101: rice grain, 102: tray, 103: first light source,
104: second light source, 105: first imaging device, 106
... Second imaging device, 107 filter, 108 recording device, 109 analysis device, 110 monitor device.

Claims (3)

[Claims] 1. An imaging system for evaluating a grain based on its appearance, a first light source located on one side of a hypothetical plane that bisects the grain, and a first light source located on the other side of the hypothetical plane. A second light source that emits more light having a wavelength longer than a predetermined length than the first light source, and a first imaging device that captures light reflected by the first or second light source on the kernel.

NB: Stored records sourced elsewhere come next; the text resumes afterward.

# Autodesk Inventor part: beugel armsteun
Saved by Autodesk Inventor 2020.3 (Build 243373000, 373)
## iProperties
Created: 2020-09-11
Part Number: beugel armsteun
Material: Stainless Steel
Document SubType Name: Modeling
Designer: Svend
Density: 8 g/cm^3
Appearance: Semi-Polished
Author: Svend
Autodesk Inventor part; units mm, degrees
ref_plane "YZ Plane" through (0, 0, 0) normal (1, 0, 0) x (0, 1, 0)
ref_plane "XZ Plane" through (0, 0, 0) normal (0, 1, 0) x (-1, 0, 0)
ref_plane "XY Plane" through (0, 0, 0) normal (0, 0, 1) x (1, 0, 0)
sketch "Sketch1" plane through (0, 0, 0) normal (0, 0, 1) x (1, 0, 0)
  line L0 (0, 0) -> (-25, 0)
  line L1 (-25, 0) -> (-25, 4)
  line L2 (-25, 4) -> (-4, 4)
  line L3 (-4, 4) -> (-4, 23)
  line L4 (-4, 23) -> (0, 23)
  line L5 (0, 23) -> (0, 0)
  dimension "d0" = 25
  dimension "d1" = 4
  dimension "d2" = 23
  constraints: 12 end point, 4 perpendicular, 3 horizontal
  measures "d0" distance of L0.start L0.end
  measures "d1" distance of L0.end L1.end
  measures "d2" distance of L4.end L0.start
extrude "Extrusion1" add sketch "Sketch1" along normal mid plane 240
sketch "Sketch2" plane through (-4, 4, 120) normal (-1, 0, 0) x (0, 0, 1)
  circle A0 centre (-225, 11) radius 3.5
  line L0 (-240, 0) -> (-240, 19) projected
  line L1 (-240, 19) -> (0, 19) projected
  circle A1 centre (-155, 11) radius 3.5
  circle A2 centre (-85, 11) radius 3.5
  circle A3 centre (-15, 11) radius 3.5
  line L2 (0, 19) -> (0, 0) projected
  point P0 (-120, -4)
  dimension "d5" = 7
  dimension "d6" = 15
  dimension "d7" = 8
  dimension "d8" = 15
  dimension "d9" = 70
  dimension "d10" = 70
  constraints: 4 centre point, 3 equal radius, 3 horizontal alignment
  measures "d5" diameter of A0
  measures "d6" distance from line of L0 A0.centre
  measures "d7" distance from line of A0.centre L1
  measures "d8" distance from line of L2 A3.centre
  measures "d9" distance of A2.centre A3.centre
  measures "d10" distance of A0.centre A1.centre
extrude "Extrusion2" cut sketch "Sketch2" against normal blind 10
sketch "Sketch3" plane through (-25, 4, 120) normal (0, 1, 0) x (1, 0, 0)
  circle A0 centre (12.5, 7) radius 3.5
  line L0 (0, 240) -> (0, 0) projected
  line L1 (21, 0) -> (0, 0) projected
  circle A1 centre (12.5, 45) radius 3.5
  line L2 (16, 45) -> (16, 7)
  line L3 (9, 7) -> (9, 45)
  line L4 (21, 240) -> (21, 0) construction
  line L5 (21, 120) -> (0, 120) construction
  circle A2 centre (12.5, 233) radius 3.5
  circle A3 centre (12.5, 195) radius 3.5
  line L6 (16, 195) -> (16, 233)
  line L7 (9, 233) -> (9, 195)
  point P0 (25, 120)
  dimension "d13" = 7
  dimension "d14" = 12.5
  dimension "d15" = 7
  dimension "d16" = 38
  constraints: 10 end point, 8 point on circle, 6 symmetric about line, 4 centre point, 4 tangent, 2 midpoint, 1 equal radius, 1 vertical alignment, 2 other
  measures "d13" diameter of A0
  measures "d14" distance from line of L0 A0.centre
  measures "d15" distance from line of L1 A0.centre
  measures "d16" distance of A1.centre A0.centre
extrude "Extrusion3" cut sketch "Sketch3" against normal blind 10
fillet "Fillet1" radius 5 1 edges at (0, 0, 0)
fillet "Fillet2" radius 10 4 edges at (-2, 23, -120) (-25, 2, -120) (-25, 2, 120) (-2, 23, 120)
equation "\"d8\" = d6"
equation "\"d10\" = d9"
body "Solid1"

A second imaging device that captures light transmitted through the kernel by the second or first light source, and a wavelength longer than the predetermined length in front of either the first imaging device or the second imaging device. An imaging system, wherein a filter that transmits the light is provided in front of the imaging system. 2. The imaging system according to claim 1, wherein the light having a wavelength longer than a predetermined length is infrared light. 3. An imaging system for evaluating a grain based on its appearance, a first light source that emits visible light located on one side of a hypothetical plane that divides the kernel into two, and a first light source that emits visible light. A second light source that is located on the other side and emits infrared light, a first imaging device that captures reflected light from the first light source with respect to the kernel, and a second light source that emits infrared light. An imaging system, comprising: a second imaging device that captures transmitted light; and a filter that transmits the infrared light in front of the second imaging device.